I'd choose Santa Barbara over Santa Monica, although if you just want to walk around, Santa Monica is probably more fun for a young person then Santa Barbara. PCH used to be the old Highway 101 and still gets lots of traffic, but for the most part, people who are driving on it are not in a big hurry otherwise they'd be on Highway 5 which is close by. Also, you'd probably find more MTB opportunities in the Santa Barbara area then in the Santa Monica area.

I've never made the ride you're considering but I did grow up in a So. CA. beach town. My favorite parts are north San Diego county areas. The traffic is not as bad in that area and the little beach towns (LaJolla, Del Mar, Solana Beach, Lucadia, Encinitas, Oceanside) haven't changed all that much since I lived there. 

P.S. I am shocked that Italian drivers hate road cyclists. I would never have guessed that.


----------



## Devastazione (Dec 8, 2011)

desertgeezer said:


> The traffic is not as bad in that area and the little beach towns (LaJolla, Del Mar, Solana Beach, Lucadia, Encinitas, Oceanside) haven't changed all that much since I lived there.
> 
> P.S. I am shocked that Italian drivers hate road cyclists. I would never have guessed that.

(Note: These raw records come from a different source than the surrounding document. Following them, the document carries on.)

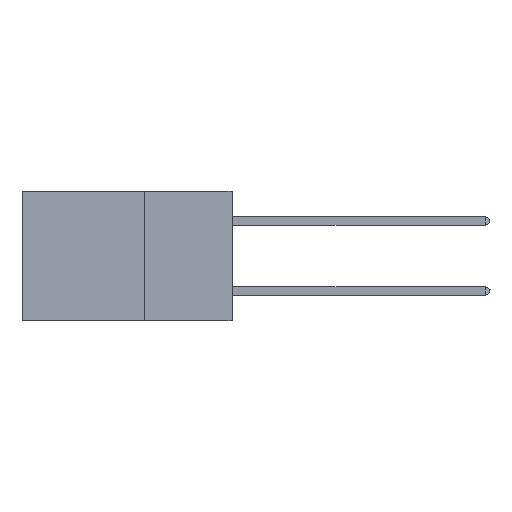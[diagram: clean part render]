
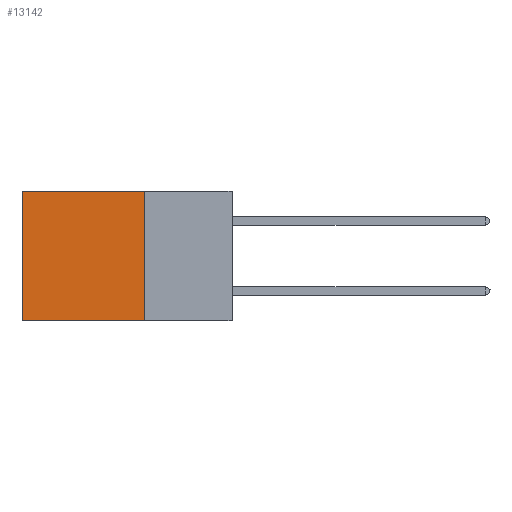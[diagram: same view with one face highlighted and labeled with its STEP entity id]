
A CAD part, left-side view. The second image highlights one B-rep face of the part: STEP entity #13142.
In plain terms, the highlighted planar face has unit normal (-1, 0, 0).
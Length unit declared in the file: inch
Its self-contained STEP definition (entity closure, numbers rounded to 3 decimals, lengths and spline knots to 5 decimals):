
#120 = CARTESIAN_POINT ( 'NONE',  ( 0.2875, 0.25, 0. ) ) ;
#332 = CARTESIAN_POINT ( 'NONE',  ( 0.2875, 0.25, -0.37 ) ) ;
#956 = ORIENTED_EDGE ( 'NONE', *, *, #16880, .F. ) ;
#1086 = VERTEX_POINT ( 'NONE', #6090 ) ;
#1681 = DIRECTION ( 'NONE',  ( 0., 1., 0. ) ) ;
#1749 = LINE ( 'NONE', #332, #8444 ) ;
#2374 = ORIENTED_EDGE ( 'NONE', *, *, #4101, .F. ) ;
#2925 = EDGE_LOOP ( 'NONE', ( #8994, #2374, #956, #4639 ) ) ;
#3289 = LINE ( 'NONE', #3307, #4132 ) ;
#3307 = CARTESIAN_POINT ( 'NONE',  ( 0.2875, 0.6, 0. ) ) ;
#3904 = PLANE ( 'NONE',  #5573 ) ;
#4068 = CARTESIAN_POINT ( 'NONE',  ( 0.2875, 0.6, 0. ) ) ;
#4101 = EDGE_CURVE ( 'NONE', #8331, #1086, #1749, .T. ) ;
#4132 = VECTOR ( 'NONE', #11289, 39.37008 ) ;
#4258 = VECTOR ( 'NONE', #8381, 39.37008 ) ;
#4639 = ORIENTED_EDGE ( 'NONE', *, *, #4806, .T. ) ;
#4806 = EDGE_CURVE ( 'NONE', #7504, #10278, #10510, .T. ) ;
#5248 = DIRECTION ( 'NONE',  ( 1., 0., 0. ) ) ;
#5573 = AXIS2_PLACEMENT_3D ( 'NONE', #13211, #5248, #14531 ) ;
#6090 = CARTESIAN_POINT ( 'NONE',  ( 0.2875, 0.6, -0.37 ) ) ;
#7504 = VERTEX_POINT ( 'NONE', #10289 ) ;
#7932 = CARTESIAN_POINT ( 'NONE',  ( 0.2875, 0.25, -0.37 ) ) ;
#8331 = VERTEX_POINT ( 'NONE', #7932 ) ;
#8381 = DIRECTION ( 'NONE',  ( 0., 1., 0. ) ) ;
#8444 = VECTOR ( 'NONE', #1681, 39.37008 ) ;
#8994 = ORIENTED_EDGE ( 'NONE', *, *, #13499, .T. ) ;
#10278 = VERTEX_POINT ( 'NONE', #4068 ) ;
#10289 = CARTESIAN_POINT ( 'NONE',  ( 0.2875, 0.25, 0. ) ) ;
#10510 = LINE ( 'NONE', #16291, #4258 ) ;
#11289 = DIRECTION ( 'NONE',  ( 0., 0., -1. ) ) ;
#12151 = DIRECTION ( 'NONE',  ( 0., 0., -1. ) ) ;
#12163 = VECTOR ( 'NONE', #12151, 39.37008 ) ;
#12274 = FACE_OUTER_BOUND ( 'NONE', #2925, .T. ) ;
#13142 = ADVANCED_FACE ( 'NONE', ( #12274 ), #3904, .F. ) ;
#13211 = CARTESIAN_POINT ( 'NONE',  ( 0.2875, 0.25, 0. ) ) ;
#13499 = EDGE_CURVE ( 'NONE', #10278, #1086, #3289, .T. ) ;
#14531 = DIRECTION ( 'NONE',  ( 0., 0., -1. ) ) ;
#15652 = LINE ( 'NONE', #120, #12163 ) ;
#16291 = CARTESIAN_POINT ( 'NONE',  ( 0.2875, 0.25, 0. ) ) ;
#16880 = EDGE_CURVE ( 'NONE', #7504, #8331, #15652, .T. ) ;

Yes,it's a mayem my friend,especially in my region ( Sardinia) were we have superb roads and no traffic( BMW comes to test it's prototype cars in winter here),so people tend to speed a lot . Major cities is even worst,cyclists get run over quite often..:cryin:

I'm quite familiar with those areas you've mentioned and I've forgot how beautiful places like Encinitas are. So,for road bike should I consider that area instead ? I may just move to Santa Monica for the last couple of mtb ride days,I don't care about staying there as I will be traveling solo and I just want to pedal pedal and pedal not to miss wifey,we usually visit that area together but no biking involved.


----------



## JSR (Feb 27, 2006)

See these recent threads, which are on topic.

http://forums.roadbikereview.com/southern-california/heres-silly-question-277967.html

http://forums.roadbikereview.com/southern-california/santa-barbara-santa-monica-276813.html

JSR


----------



## Hollywood (Jan 16, 2003)

desertgeezer said:


> Also, you'd probably find more MTB opportunities in the Santa Barbara area then in the Santa Monica area.


there's a LOT of good mtb riding in the Santa Monica Mtns. 

Check in with Chris @ Topanga Creek bikes!


----------



## jkompa (May 15, 2012)

Great mtb options in Santa Barbara, but sure there are safe options with it being a college town in all.


----------



## Devastazione (Dec 8, 2011)

Hollywood said:


> there's a LOT of good mtb riding in the Santa Monica Mtns.
> 
> Check in with Chris @ Topanga Creek bikes!



Yes I've been looking those guys www for the last couple of years and I can definitely tell they will be on my list for a rental :thumbsup:


----------



## mando54 (Jun 6, 2012)

Lots of good riding along PCH from Sunset down to Laguna and if you go inland, there's some decent climbs. Past Laguna you have Dana Point, San Clemente and Camp Pendleton which are fairly safe and nice to ride.


----------